Apple
Apple on Thursday announced the appointment of James Bell, formerly of Boeing, to its board of directors. Bell is the first African-American to serve on Apple's board. Robert Galbraith/Reuters

Two Silicon Valley giants are taking strides toward diversity this week, with Apple adding James Bell, an African-American business executive, to its board of directors while Dropbox has hired Judith Michell Williams, an African-American woman formerly with Google, to serve as its global head of diversity.

Apple's appointment of Bell, who previously served as the chief financial officer and corporate president of Boeing, makes him one of the few underrepresented minorities serving at the board level of any tech company. Apple has committed itself to bring more diversity to the workplace, this time doing so at its leadership level.

“James brings a wealth of global, financial and industrial experience from his successful career at Boeing as corporate president and CFO,” Apple CEO Tim Cook said in a statement. “I am thrilled to welcome him to Apple’s board of directors and I look forward to working with him.”

James Bell
James Bell, previously a top executive at Boeing, has been appointed to Apple's board of directors. Bell is the only African-American on the company's board. Reuters

Up the road in San Francisco, Dropbox also made a significant executive move.

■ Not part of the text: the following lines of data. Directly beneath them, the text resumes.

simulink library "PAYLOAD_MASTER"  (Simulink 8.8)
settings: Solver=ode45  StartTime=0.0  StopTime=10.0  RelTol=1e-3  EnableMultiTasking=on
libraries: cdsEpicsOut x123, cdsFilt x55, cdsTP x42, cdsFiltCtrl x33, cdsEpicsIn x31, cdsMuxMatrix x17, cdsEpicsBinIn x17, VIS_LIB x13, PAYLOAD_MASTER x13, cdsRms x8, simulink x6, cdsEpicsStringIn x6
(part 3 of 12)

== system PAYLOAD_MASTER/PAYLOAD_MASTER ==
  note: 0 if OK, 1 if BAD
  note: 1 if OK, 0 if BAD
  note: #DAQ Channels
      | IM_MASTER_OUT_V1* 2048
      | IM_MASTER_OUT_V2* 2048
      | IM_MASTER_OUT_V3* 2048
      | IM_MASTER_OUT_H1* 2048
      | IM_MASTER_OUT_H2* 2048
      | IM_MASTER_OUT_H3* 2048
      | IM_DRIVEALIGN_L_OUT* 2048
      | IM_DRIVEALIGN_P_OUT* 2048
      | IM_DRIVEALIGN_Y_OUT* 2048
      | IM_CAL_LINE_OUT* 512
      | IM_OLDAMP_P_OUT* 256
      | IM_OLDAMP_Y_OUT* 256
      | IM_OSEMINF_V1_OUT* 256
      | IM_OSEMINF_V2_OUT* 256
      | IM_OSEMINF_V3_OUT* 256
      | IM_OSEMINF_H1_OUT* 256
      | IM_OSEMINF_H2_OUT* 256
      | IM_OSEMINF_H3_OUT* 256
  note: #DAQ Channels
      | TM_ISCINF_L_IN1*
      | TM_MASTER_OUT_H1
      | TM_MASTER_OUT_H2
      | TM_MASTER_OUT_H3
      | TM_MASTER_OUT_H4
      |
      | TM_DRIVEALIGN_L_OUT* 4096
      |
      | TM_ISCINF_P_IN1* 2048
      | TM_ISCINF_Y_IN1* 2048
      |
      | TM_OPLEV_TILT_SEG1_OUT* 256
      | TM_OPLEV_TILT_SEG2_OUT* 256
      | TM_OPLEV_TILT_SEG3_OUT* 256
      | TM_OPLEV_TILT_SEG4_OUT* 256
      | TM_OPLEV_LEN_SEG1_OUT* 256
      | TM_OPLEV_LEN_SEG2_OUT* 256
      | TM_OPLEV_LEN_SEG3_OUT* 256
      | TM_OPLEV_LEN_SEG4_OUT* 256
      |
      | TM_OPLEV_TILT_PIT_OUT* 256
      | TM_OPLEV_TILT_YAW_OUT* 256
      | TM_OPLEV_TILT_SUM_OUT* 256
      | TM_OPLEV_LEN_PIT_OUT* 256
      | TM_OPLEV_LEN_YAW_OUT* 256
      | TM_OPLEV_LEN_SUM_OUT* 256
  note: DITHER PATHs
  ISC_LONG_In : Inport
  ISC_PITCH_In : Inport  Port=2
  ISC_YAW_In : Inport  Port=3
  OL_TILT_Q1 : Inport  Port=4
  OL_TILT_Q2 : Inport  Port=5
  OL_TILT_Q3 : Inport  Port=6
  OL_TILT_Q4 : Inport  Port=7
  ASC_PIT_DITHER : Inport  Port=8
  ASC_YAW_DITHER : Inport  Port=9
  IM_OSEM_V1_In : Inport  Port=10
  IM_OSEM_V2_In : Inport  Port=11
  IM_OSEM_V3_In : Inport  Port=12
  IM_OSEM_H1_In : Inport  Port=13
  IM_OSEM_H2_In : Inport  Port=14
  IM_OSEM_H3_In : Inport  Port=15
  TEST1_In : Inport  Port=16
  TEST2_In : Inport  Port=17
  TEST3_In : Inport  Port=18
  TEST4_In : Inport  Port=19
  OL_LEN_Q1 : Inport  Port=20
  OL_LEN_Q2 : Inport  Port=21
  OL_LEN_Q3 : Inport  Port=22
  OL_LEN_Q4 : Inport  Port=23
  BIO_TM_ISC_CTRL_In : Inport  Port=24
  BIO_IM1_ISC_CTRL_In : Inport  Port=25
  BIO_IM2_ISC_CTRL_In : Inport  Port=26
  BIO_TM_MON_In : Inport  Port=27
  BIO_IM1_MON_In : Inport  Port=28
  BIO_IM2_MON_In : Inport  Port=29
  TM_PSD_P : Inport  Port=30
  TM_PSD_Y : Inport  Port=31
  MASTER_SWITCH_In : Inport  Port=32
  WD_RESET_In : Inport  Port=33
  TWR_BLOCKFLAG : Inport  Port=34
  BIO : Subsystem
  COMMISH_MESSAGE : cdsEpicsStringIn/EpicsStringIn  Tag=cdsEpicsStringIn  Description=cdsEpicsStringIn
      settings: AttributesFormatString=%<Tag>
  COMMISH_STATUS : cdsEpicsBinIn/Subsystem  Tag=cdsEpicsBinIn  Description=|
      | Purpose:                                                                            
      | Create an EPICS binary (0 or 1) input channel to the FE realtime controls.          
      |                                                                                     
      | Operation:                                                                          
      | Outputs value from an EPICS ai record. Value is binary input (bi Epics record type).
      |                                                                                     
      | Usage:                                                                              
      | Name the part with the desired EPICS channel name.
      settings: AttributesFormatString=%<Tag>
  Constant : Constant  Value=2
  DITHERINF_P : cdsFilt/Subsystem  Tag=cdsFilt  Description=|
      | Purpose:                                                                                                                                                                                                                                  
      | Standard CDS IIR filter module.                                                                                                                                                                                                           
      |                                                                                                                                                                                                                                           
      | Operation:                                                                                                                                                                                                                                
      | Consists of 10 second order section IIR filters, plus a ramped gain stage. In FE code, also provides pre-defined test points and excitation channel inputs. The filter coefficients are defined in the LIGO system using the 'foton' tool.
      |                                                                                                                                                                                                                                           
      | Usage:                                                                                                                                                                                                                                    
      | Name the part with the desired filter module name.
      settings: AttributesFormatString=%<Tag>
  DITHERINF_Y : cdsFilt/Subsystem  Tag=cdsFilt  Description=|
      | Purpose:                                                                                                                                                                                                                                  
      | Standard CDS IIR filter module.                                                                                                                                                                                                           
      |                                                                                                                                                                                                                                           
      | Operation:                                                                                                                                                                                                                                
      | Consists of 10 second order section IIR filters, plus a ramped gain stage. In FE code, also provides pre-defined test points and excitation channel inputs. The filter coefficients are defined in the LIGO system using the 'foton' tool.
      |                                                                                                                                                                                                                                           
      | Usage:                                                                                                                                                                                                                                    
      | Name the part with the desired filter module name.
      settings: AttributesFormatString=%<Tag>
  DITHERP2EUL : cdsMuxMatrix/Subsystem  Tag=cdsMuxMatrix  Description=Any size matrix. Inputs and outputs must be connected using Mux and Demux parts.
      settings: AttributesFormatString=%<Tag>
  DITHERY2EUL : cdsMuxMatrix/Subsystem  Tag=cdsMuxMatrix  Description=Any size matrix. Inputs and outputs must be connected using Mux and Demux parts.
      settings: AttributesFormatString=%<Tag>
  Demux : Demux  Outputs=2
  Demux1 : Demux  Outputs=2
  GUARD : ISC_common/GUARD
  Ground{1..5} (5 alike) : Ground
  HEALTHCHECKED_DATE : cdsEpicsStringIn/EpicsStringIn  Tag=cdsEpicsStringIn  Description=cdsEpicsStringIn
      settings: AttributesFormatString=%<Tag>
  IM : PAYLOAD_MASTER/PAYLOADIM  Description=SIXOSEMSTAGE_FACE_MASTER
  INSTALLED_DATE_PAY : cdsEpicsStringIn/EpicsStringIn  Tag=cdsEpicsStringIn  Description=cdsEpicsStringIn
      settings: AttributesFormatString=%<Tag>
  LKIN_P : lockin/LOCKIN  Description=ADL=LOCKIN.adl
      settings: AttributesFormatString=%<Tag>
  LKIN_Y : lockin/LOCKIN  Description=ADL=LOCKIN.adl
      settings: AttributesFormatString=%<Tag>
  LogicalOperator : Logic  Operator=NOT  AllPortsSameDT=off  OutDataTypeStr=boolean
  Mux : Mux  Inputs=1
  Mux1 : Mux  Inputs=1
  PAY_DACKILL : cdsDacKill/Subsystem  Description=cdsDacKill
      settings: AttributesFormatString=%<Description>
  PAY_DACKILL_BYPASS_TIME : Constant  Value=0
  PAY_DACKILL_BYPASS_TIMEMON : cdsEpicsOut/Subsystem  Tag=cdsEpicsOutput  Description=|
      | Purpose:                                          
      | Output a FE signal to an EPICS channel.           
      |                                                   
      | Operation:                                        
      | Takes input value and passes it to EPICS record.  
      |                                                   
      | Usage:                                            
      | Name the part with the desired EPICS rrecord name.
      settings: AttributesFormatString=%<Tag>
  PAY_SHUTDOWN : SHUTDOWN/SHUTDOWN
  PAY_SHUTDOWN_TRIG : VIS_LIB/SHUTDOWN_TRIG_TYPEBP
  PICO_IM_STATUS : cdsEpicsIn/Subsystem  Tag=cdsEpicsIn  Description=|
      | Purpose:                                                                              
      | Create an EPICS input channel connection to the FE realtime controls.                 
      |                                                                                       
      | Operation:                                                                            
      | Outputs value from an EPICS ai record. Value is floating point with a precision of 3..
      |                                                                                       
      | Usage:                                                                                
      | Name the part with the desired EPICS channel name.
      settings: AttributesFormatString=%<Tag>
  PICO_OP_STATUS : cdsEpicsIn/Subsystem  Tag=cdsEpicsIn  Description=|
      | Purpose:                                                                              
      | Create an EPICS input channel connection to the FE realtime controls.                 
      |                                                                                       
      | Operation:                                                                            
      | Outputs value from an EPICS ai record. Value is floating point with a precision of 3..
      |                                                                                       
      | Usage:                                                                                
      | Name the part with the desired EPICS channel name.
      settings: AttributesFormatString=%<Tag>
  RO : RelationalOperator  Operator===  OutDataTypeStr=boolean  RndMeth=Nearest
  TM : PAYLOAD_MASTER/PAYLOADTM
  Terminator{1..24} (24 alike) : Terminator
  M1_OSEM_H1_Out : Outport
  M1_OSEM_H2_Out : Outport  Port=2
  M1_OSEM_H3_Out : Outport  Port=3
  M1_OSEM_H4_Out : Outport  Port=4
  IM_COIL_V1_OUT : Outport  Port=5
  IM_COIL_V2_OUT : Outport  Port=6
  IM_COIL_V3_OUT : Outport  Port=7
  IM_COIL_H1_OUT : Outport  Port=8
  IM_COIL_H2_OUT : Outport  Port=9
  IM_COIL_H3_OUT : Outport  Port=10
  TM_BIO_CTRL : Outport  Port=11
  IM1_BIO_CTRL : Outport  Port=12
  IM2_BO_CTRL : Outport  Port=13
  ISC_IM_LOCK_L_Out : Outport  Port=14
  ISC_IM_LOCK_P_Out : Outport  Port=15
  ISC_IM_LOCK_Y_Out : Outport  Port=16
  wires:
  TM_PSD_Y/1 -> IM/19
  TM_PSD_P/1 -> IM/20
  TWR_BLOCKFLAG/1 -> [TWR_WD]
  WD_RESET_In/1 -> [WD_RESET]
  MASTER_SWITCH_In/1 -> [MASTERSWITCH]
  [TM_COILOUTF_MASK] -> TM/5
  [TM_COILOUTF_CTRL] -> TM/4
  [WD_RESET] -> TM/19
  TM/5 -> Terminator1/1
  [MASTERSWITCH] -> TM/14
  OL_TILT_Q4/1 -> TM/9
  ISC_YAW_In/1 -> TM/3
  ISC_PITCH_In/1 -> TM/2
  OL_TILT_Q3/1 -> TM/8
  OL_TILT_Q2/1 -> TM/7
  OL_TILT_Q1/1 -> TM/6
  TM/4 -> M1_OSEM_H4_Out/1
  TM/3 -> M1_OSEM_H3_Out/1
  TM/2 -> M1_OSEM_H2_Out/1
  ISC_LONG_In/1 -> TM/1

Though the cloud-computing company has yet to announce Williams, sources with familiar with the matter confirmed the move to International Business Times.

Williams comes to Dropbox after serving as global diversity and inclusion manager at Google for more than four years. She will be tasked with improving Dropbox's poor diversity figures (1 percent black, 4 percent Hispanic, 34 percent women) and drastically shifting Dropbox's company culture.

Both of these appointments were hailed by the Rainbow PUSH Colation and civil rights leader Rev. Jesse Jackson, who said these hires prove the tech industry does not have a talent-deficit problem but rather a lack of opportunities for women and underrepresented minorities. "You fish for fish, and there are fish," Jackson said. "You reach for talent, and talent exists. The talent does exist."

Besides Apple, Hewlett-Packard also recently brought more diversity to its leadership, adding several women and African-Americans to the boards of HP Inc. and Hewlett Packard Enterprise -- the two companies it will split into come November.